Happy little girl in class at schoolIt might seem like a long time before you have to enrol your little one in school, but it pays to be prepared.

How old do they have to be before starting BIG school? What is their first prep year called? What are the cut-off dates?

Leaving it to the last minute can cause unnecessary stress, so find the information you need to know early, and make sure everything is ready when it needs to be.

Here is our quick guide to education in Australia.

When is school compulsory?

School is compulsory between the age of 6 and 16 or 17 (Year 1 to 10).

Formal schooling includes:

  • a preparatory year before Year 1
  • primary schooling: 6 or 7 years – Years 1-6 or 1-7 (depending on state)
  • secondary schooling: 5 or 6 years – Years 7-12 or 8-12.
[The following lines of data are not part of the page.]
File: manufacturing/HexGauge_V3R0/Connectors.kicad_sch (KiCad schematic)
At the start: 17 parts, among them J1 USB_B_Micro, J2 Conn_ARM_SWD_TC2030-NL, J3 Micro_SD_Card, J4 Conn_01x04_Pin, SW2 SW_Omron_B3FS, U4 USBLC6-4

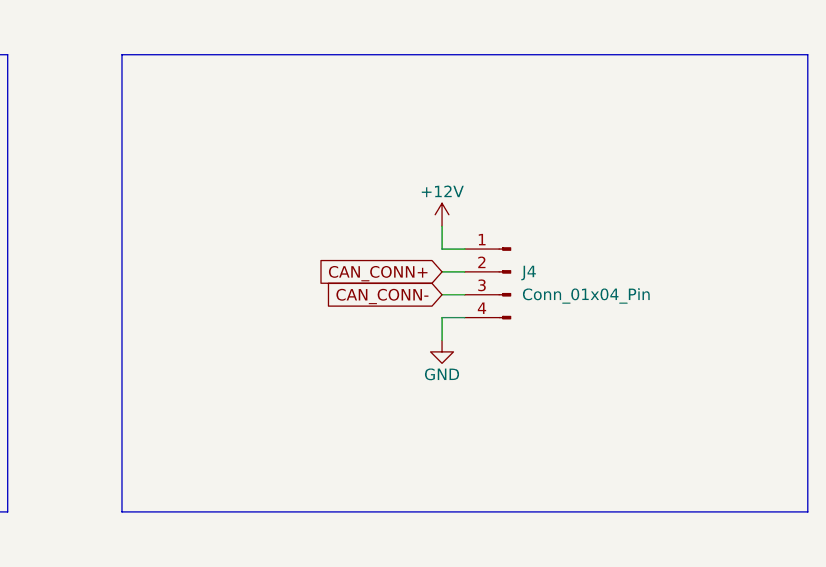
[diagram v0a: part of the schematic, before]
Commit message: Updated Board
Added Mounting Hole and 3D Packages
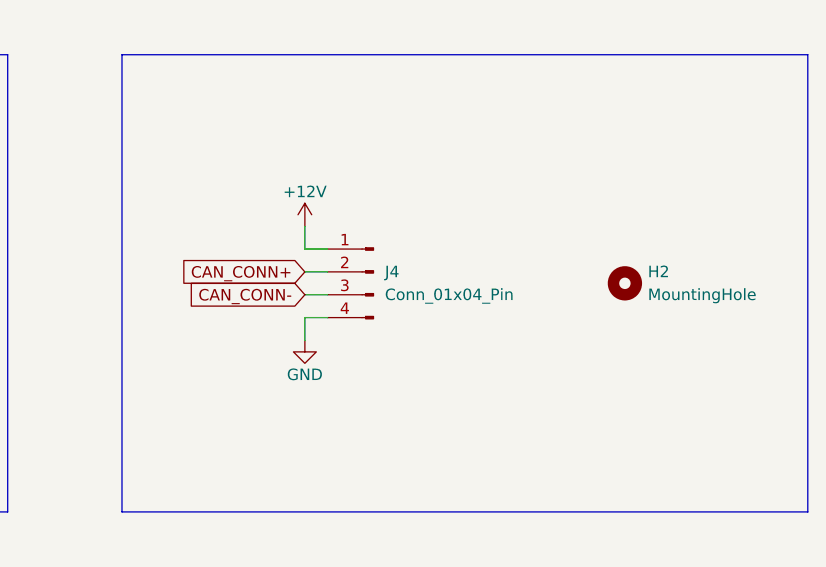
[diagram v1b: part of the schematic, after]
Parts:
- added H2: MountingHole, MountingHole:MountingHole_3.2mm_M3_Pad_Via, symbol Mechanical:MountingHole
- J1: LCSC Part # C319160 -> C397452
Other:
- moved on the sheet: J4
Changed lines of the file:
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@@
     (stroke (width 0) (type default))
   )
-  (wire (pts (xy 226.06 128.27) (xy 228.6 128.27))
+  (wire (pts (xy 210.82 128.27) (xy 213.36 128.27))
     (stroke (width 0) (type default))
   )
@@
     (stroke (width 0) (type default))
   )
-  (wire (pts (xy 226.06 125.73) (xy 228.6 125.73))
+  (wire (pts (xy 210.82 125.73) (xy 213.36 125.73))
     (stroke (width 0) (type default))
   )
@@
     (stroke (width 0) (type default))
   )
-  (wire (pts (xy 226.06 120.65) (xy 226.06 123.19))
+  (wire (pts (xy 210.82 120.65) (xy 210.82 123.19))
     (stroke (width 0) (type default))
   )
@@
     (stroke (width 0) (type default))
   )
-  (wire (pts (xy 226.06 123.19) (xy 228.6 123.19))
+  (wire (pts (xy 210.82 123.19) (xy 213.36 123.19))
     (stroke (width 0) (type default))
   )
@@
     (stroke (width 0) (type default))
   )
-  (wire (pts (xy 226.06 130.81) (xy 228.6 130.81))
+  (wire (pts (xy 210.82 130.81) (xy 213.36 130.81))
     (stroke (width 0) (type default))
   )
@@
     (stroke (width 0) (type default))
   )
-  (wire (pts (xy 226.06 130.81) (xy 226.06 133.35))
+  (wire (pts (xy 210.82 130.81) (xy 210.82 133.35))
     (stroke (width 0) (type default))
   )
@@
     )
   )
-  (global_label "CAN_CONN+" (shape input) (at 226.06 125.73 180) (fields_autoplaced)
-    (effects (font (size 1.27 1.27)) (justify right))
-    (property "Intersheetrefs" "${INTERSHEET_REFS}" (at 211.6636 125.73 0)
+  (global_label "CAN_CONN+" (shape input) (at 210.82 125.73 180) (fields_autoplaced)
+    (effects (font (size 1.27 1.27)) (justify right))
+    (property "Intersheetrefs" "${INTERSHEET_REFS}" (at 196.4236 125.73 0)
       (effects (font (size 1.27 1.27)) (justify right) hide)
     )
@@
     )
   )
-  (global_label "CAN_CONN-" (shape input) (at 226.06 128.27 180) (fields_autoplaced)
-    (effects (font (size 1.27 1.27)) (justify right))
-    (property "Intersheetrefs" "${INTERSHEET_REFS}" (at 211.6636 128.27 0)
+  (global_label "CAN_CONN-" (shape input) (at 210.82 128.27 180) (fields_autoplaced)
+    (effects (font (size 1.27 1.27)) (justify right))
+    (property "Intersheetrefs" "${INTERSHEET_REFS}" (at 196.4236 128.27 0)
       (effects (font (size 1.27 1.27)) (justify right) hide)
     )
@@
     )
   )
-  (symbol (lib_id "power:+12V") (at 226.06 120.65 0) (unit 1)
-    (in_bom yes) (on_board yes) (dnp no)
-    (property "Reference" "#PWR056" (at 226.06 124.46 0)
-      (effects (font (size 1.27 1.27)) hide)
-    )
-    (property "Value" "+12V" (at 226.06 116.84 0)
-      (effects (font (size 1.27 1.27)))
-    )
-    (property "Footprint" "" (at 226.06 120.65 0)
-      (effects (font (size 1.27 1.27)) hide)
-    )
-    (property "Datasheet" "" (at 226.06 120.65 0)
+  (symbol (lib_id "power:+12V") (at 210.82 120.65 0) (unit 1)
+    (in_bom yes) (on_board yes) (dnp no)
+    (property "Reference" "#PWR056" (at 210.82 124.46 0)
+      (effects (font (size 1.27 1.27)) hide)
+    )
+    (property "Value" "+12V" (at 210.82 116.84 0)
+      (effects (font (size 1.27 1.27)))
+    )
+    (property "Footprint" "" (at 210.82 120.65 0)
+      (effects (font (size 1.27 1.27)) hide)
+    )
+    (property "Datasheet" "" (at 210.82 120.65 0)
       (effects (font (size 1.27 1.27)) hide)
     )
@@
       (effects (font (size 1.27 1.27)) hide)
     )
-    (property "LCSC Part #" "C319160" (at 81.28 58.42 0)
+    (property "LCSC Part #" "C397452" (at 81.28 58.42 0)
       (effects (font (size 1.27 1.27)) hide)
     )
@@
     )
   )
+  (symbol (lib_id "Mechanical:MountingHole") (at 246.38 127 0) (unit 1)
+    (in_bom yes) (on_board yes) (dnp no) (fields_autoplaced)
+    (property "Reference" "H2" (at 248.92 125.73 0)
+      (effects (font (size 1.27 1.27)) (justify left))
+    )
+    (property "Value" "MountingHole" (at 248.92 128.27 0)
+      (effects (font (size 1.27 1.27)) (justify left))
+    )
+    (property "Footprint" "MountingHole:MountingHole_3.2mm_M3_Pad_Via" (at 246.38 127 0)
+      (effects (font (size 1.27 1.27)) hide)
+    )
+    (property "Datasheet" "~" (at 246.38 127 0)
+      (effects (font (size 1.27 1.27)) hide)
+    )
+    (instances
+      (project "STM32F4_HexGauge_V3"
+        (path "/1671c3d2-535f-4cd5-a65b-02e5c9ad18e5/6132b015-8d81-4c9d-ab7f-afd3c7f45a00"
+          (reference "H2") (unit 1)
+        )
+      )
+    )
+  )
   (symbol (lib_id "power:GND") (at 152.4 76.2 0) (unit 1)
     (in_bom yes) (on_board yes) (dnp no)
@@
     )
   )
-  (symbol (lib_id "Connector:Conn_01x04_Pin") (at 233.68 125.73 0) (mirror y) (unit 1)
+  (symbol (lib_id "Connector:Conn_01x04_Pin") (at 218.44 125.73 0) (mirror y) (unit 1)
     (in_bom yes) (on_board yes) (dnp no) (fields_autoplaced)
-    (property "Reference" "J4" (at 234.95 125.73 0)
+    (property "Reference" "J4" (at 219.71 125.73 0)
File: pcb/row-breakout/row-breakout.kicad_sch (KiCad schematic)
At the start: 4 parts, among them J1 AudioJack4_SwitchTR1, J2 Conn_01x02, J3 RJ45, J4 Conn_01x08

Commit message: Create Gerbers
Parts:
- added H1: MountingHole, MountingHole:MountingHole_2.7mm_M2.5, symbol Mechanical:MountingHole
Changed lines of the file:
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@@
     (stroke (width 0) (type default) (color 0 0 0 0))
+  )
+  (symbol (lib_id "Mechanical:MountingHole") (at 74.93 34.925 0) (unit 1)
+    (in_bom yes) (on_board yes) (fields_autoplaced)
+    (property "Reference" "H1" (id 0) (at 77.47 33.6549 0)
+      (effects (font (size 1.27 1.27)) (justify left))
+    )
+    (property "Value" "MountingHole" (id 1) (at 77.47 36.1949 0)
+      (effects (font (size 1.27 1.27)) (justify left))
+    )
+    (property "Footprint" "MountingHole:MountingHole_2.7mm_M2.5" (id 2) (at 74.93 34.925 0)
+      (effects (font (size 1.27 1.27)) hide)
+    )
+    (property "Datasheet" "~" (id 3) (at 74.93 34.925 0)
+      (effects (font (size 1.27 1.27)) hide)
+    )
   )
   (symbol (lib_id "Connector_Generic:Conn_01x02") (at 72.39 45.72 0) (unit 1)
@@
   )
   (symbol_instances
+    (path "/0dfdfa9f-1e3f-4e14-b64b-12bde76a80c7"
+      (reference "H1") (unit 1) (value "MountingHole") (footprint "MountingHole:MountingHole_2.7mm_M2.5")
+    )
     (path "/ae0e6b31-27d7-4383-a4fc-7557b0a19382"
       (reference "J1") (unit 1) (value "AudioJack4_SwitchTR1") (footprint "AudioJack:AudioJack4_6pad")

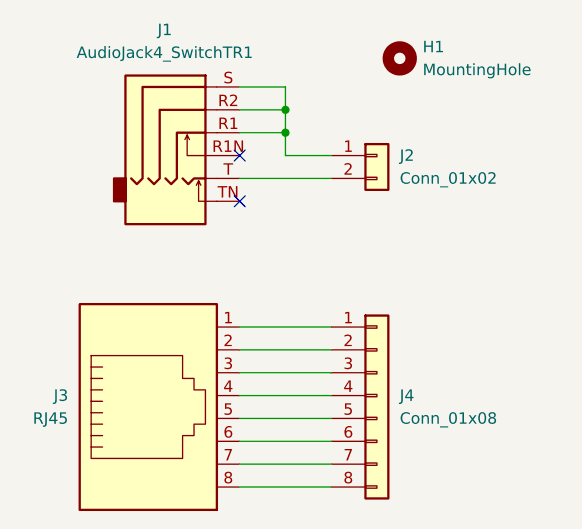
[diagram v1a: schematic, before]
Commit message: Add Grounded Copper Fills to Row Breakout and Main Board
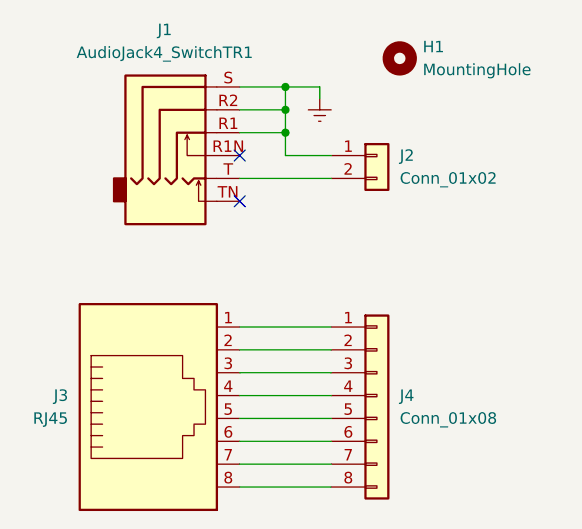
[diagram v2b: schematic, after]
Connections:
- net Earth: now reaches J1.R1, J1.R2, J1.S, J2.1 (Pin_1)
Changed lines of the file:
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@@
   (junction (at 62.23 43.18) (diameter 0) (color 0 0 0 0)
+  )
+  (junction (at 62.23 38.1) (diameter 0) (color 0 0 0 0)
   )
   (junction (at 62.23 40.64) (diameter 0) (color 0 0 0 0)
@@
   (no_connect (at 57.15 50.8))
   (wire (pts (xy 57.15 38.1) (xy 62.23 38.1))
+    (stroke (width 0) (type default) (color 0 0 0 0))
+  )
+  (wire (pts (xy 66.04 39.37) (xy 66.04 38.1))
     (stroke (width 0) (type default) (color 0 0 0 0))
   )
@@
     (stroke (width 0) (type default) (color 0 0 0 0))
   )
+  (wire (pts (xy 66.04 38.1) (xy 62.23 38.1))
+    (stroke (width 0) (type default) (color 0 0 0 0))
+  )
   (symbol (lib_id "Mechanical:MountingHole") (at 74.93 34.925 0) (unit 1)
     (in_bom yes) (on_board yes) (fields_autoplaced)
@@
       (effects (font (size 1.27 1.27)) hide)
     )
+  )
+  (symbol (lib_id "power:Earth") (at 66.04 39.37 0) (unit 1)
+    (in_bom yes) (on_board yes) (fields_autoplaced)
+    (property "Reference" "#PWR0101" (id 0) (at 66.04 45.72 0)
+      (effects (font (size 1.27 1.27)) hide)
+    )
+    (property "Value" "Earth" (id 1) (at 66.04 43.18 0)
+      (effects (font (size 1.27 1.27)) hide)
+    )
+    (property "Footprint" "" (id 2) (at 66.04 39.37 0)
+      (effects (font (size 1.27 1.27)) hide)
+    )
+    (property "Datasheet" "~" (id 3) (at 66.04 39.37 0)
+      (effects (font (size 1.27 1.27)) hide)
+    )
+    (pin "1")
   )
   (symbol (lib_id "Connector_Generic:Conn_01x02") (at 72.39 45.72 0) (unit 1)
@@
   )
   (symbol_instances
+    (path "/1f9ae101-c652-4998-a503-17aedf3d5746"
+      (reference "#PWR0101") (unit 1) (value "Earth") (footprint "")
+    )
     (path "/0dfdfa9f-1e3f-4e14-b64b-12bde76a80c7"
       (reference "H1") (unit 1) (value "MountingHole") (footprint "MountingHole:MountingHole_2.7mm_M2.5")

Australian children often do a year of preschool or pre-prep before formal schooling starts.

What are the differences in schooling between Australian states?

The education system in each Australian state is run by that state’s government. Some of the main differences are what each level is called (for example Prep in Queensland is the same as Kindy in NSW).

Another difference is that primary school is from Grades 1-6 in some states and from 1-7 in others, which means a Grade 7 student will be in high school in some states but in primary school in other states.

Australian Education System: State by State

State / Territory Pre-Prep Prep Year Primary School High School
ACT Preschool Kindy Grade 1-6 Grade 7-12
NSW Preschool Kindy Grade 1-6 Grade 7-12
NT Preschool Transition Grade 1-6 Grade 7-12
QLD Kindy Prep Grade 1-6 Grade 7-12
SA Preschool/Kindy Reception Grade 1-7 Grade 8-12
TAS Kindy Prep Grade 1-6 Grade 7-12
VIC Kindy Prep Grade 1-6 Grade 7-12
WA Kindy Pre-primary Grade 1-6 Grade 7-12

How old does my child have to be when they start school?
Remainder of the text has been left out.